Stored items:

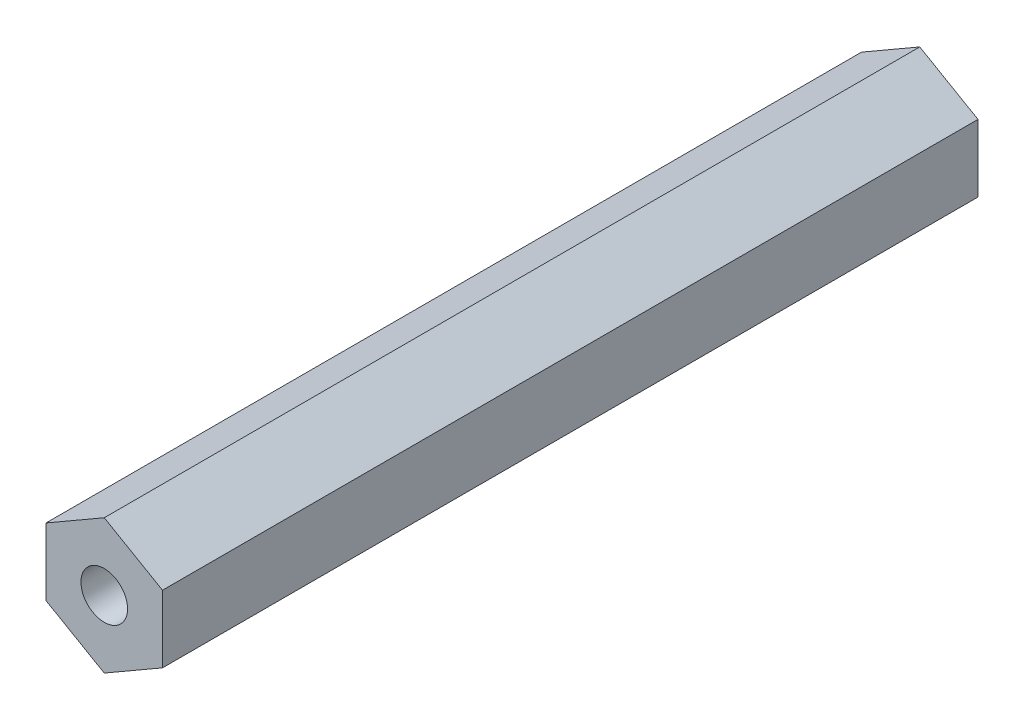
from build123d import *

# Parameters (mm, degrees)
SKETCH1_R           = 1
BOSS_EXTRUDE1_DEPTH = 35


with BuildPart() as part:
    # Sketch1 → Boss-Extrude1 (new body)
    with BuildSketch(Plane.XY):
        Polygon((0, 2.886751346), (-2.5, 1.443375673), (-2.5, -1.443375673), (0, -2.886751346), (2.5, -1.443375673), (2.5, 1.443375673), align=None)
        Circle(SKETCH1_R, mode=Mode.SUBTRACT)
    extrude(amount=BOSS_EXTRUDE1_DEPTH)


solid = part.part

Work to be completed - Once the line with "Circle(SKETCH1_R, mode=Mode.SUBTRACT)" is located in the data above, repeat it and every later line through the end, exactly.

Response to the task -
        Circle(SKETCH1_R, mode=Mode.SUBTRACT)
    extrude(amount=BOSS_EXTRUDE1_DEPTH)


solid = part.part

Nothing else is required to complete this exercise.